Di sidang umum, wakil tetap Belanda, Schürmann, berkata, selama beberapa dekade, pemerintah Belanda memikirkan kewajiban moralnya untuk membantu orang Papua. Ali Sastroamidjojo menjawab, para pejabat di Den Haag seharusnya memikirkan hal ini jauh lebih awal. Selama setengah abad Belanda tidak menyentuh Irian Barat; sekarang tiba-tiba merasa terpanggil untuk melakukan misi suci di sana. Pak Ali melanjutkan, sebagian besar orang Belanda tidak bisa meninggalkan kolonialisme.

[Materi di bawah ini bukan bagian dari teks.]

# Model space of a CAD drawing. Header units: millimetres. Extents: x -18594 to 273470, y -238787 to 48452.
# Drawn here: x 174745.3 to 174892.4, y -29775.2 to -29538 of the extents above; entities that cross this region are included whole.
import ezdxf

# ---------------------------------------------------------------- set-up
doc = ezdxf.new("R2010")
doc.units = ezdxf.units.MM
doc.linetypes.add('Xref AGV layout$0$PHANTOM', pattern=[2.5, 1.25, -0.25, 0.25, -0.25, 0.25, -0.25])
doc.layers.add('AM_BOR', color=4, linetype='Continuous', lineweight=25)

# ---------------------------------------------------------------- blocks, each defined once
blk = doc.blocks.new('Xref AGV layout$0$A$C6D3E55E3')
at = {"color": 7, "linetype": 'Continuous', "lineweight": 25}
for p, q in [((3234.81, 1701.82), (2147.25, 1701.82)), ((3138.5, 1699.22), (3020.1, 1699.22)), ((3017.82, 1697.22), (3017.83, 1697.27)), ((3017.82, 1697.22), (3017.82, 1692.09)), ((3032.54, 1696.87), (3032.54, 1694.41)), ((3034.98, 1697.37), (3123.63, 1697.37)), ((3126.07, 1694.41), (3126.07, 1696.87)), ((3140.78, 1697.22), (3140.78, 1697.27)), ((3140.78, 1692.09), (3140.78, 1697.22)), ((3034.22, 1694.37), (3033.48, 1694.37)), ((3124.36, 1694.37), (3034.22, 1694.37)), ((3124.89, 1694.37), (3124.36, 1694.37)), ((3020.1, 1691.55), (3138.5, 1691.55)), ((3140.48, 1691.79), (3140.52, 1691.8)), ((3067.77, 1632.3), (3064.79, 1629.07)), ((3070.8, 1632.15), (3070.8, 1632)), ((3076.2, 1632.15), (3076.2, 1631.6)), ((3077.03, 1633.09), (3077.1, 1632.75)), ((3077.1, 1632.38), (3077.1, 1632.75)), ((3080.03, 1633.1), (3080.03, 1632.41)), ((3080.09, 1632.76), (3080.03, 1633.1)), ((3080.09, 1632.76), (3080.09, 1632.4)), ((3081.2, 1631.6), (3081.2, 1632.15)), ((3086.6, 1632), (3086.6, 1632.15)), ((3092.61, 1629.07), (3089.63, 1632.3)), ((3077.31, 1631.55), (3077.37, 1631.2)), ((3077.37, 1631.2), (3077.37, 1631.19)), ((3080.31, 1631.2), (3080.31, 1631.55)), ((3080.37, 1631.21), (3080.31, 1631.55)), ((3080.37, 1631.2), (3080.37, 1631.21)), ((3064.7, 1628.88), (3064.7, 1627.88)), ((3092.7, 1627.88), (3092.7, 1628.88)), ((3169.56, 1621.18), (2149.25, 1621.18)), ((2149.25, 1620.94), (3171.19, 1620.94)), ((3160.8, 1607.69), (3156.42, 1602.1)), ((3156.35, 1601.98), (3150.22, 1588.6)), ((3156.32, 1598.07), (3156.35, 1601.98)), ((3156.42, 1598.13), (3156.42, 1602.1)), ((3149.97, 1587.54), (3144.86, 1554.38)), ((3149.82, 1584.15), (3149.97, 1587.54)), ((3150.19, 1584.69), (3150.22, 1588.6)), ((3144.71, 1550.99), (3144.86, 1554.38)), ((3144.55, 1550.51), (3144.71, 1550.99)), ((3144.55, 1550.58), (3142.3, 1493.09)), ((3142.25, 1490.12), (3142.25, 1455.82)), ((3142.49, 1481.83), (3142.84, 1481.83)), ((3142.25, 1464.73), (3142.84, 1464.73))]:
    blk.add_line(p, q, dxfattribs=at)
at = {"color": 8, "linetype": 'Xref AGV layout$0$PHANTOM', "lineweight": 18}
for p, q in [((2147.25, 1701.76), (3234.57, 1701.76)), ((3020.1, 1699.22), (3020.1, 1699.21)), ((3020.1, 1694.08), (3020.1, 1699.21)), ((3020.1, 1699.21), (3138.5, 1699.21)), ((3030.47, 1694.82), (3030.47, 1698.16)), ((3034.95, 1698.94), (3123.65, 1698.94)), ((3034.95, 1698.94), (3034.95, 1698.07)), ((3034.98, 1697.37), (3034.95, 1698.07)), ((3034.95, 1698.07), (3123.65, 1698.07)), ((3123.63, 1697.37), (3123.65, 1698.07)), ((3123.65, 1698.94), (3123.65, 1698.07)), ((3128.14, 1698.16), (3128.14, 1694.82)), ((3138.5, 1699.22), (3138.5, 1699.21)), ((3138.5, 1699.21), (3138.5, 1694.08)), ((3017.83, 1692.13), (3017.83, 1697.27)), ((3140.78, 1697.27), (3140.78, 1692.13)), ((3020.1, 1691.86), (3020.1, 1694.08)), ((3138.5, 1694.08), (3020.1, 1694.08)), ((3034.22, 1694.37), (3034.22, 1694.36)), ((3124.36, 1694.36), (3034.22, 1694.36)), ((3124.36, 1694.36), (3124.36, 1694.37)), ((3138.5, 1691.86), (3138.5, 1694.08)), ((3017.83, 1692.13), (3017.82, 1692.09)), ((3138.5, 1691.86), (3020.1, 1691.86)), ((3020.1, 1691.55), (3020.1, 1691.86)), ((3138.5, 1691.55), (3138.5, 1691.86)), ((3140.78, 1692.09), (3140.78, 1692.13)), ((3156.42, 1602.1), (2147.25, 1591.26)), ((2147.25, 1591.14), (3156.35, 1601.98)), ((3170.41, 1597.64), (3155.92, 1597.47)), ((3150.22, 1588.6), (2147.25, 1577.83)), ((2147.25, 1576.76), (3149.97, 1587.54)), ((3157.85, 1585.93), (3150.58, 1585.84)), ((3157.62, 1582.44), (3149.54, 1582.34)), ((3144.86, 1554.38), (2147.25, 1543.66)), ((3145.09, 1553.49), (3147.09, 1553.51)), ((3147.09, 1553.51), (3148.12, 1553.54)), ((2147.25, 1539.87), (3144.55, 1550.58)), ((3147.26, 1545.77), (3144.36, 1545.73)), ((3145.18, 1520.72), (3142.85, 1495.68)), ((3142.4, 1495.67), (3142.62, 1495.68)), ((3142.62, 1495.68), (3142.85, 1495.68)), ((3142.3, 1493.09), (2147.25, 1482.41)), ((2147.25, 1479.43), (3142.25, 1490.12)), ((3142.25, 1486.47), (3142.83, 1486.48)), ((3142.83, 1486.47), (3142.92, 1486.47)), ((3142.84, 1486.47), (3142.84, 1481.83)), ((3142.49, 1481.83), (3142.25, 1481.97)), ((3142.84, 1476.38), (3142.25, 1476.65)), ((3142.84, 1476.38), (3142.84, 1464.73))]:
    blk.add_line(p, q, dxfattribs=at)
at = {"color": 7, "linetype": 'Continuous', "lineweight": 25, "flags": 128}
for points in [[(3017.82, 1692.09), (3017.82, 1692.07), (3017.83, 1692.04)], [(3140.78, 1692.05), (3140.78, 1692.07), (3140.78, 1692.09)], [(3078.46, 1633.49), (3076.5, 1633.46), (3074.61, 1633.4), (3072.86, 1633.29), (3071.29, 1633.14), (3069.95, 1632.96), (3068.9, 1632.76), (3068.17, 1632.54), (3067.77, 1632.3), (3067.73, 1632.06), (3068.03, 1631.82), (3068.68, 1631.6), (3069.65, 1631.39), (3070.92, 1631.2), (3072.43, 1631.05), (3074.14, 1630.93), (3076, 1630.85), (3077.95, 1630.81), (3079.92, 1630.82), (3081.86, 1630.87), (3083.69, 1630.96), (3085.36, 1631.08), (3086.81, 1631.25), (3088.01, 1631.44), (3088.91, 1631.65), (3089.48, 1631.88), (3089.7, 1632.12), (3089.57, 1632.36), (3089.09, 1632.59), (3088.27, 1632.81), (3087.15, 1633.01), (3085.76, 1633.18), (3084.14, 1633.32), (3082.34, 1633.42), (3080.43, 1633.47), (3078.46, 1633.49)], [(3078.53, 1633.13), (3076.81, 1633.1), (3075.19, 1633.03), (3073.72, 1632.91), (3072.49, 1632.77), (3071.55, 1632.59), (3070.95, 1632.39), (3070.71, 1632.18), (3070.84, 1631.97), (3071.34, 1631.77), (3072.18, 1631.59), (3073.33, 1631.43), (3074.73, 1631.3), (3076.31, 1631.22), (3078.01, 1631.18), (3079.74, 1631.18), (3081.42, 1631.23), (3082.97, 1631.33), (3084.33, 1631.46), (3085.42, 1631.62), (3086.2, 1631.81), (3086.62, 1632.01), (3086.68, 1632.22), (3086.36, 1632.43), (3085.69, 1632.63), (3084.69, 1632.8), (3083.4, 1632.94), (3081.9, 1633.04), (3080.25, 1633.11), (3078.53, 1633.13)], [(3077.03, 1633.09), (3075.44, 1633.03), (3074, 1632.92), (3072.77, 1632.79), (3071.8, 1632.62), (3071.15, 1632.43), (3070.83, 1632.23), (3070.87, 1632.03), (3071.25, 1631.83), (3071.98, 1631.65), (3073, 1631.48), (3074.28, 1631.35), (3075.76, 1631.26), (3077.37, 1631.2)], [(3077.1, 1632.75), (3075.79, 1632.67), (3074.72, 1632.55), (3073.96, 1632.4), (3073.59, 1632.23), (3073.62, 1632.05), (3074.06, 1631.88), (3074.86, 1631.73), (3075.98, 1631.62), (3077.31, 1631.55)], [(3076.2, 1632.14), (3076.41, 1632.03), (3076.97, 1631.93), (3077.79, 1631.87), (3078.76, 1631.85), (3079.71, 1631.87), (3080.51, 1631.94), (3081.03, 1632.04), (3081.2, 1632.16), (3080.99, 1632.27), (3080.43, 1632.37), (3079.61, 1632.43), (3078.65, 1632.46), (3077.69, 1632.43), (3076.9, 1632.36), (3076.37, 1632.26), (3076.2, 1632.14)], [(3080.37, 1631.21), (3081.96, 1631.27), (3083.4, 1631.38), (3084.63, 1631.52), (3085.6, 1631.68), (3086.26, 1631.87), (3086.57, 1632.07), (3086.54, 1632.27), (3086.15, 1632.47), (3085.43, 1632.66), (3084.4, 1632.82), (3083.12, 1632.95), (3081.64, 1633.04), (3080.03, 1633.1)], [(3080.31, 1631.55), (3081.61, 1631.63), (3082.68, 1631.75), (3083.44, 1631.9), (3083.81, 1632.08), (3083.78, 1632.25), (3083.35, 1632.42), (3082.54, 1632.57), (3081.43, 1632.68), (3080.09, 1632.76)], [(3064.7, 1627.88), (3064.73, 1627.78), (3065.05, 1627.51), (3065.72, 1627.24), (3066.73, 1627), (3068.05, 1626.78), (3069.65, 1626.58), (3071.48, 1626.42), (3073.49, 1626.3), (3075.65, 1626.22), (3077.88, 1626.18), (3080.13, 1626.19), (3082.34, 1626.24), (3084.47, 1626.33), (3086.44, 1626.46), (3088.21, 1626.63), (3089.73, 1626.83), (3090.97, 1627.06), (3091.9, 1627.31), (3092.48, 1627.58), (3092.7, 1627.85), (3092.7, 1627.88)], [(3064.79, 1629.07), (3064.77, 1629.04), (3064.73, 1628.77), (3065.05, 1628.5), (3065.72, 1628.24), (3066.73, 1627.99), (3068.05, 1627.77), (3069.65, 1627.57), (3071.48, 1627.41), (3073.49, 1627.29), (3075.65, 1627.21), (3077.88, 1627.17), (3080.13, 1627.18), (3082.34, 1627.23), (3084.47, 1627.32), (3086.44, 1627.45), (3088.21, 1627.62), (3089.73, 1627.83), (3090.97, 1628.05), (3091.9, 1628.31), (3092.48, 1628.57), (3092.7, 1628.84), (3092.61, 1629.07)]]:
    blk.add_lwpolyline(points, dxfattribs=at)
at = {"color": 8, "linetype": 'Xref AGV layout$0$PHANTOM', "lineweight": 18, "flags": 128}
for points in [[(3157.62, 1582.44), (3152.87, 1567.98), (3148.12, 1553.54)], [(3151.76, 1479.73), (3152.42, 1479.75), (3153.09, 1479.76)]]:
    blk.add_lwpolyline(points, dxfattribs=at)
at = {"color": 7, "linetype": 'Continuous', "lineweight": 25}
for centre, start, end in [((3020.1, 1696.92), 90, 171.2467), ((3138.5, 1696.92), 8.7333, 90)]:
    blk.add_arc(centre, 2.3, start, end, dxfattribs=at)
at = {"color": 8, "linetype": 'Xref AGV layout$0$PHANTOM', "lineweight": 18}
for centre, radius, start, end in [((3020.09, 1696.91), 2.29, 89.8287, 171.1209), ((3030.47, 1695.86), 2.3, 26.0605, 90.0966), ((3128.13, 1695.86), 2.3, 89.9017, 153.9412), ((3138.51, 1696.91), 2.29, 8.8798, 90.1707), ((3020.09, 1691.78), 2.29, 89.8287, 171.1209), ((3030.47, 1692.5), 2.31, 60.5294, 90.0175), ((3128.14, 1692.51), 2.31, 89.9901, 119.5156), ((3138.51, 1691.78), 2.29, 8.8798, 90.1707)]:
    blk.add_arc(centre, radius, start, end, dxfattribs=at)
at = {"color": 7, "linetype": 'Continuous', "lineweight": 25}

Nicolaas Youwe, mantan anggota Komite Indonesia Merdeka (KIM), 1946, kemudian loncat menjadi pendukung “kemerdekaan” Papua di bawah naungan Belanda, tapi akhirnya pada usia tuanya, balik lagi mendukung Republik, malah mengatakan bahwa perlakuan Belanda yang sama sekali tidak mempedulikan pendidikan penduduk Papua, selama 117 tahun sejak menjajah dari tahun 1828, membuat rakyat praktis hidup di zaman batu.
Oltmans menyatakan setuju dengan pidato Pak Ali di PBB. Ia sendiri menganggap penjajah Belanda sebagai pendendam nomor satu, dibandingkan dengan penjajah bangsa Eropa lainnya, seperti Inggris dan Prancis.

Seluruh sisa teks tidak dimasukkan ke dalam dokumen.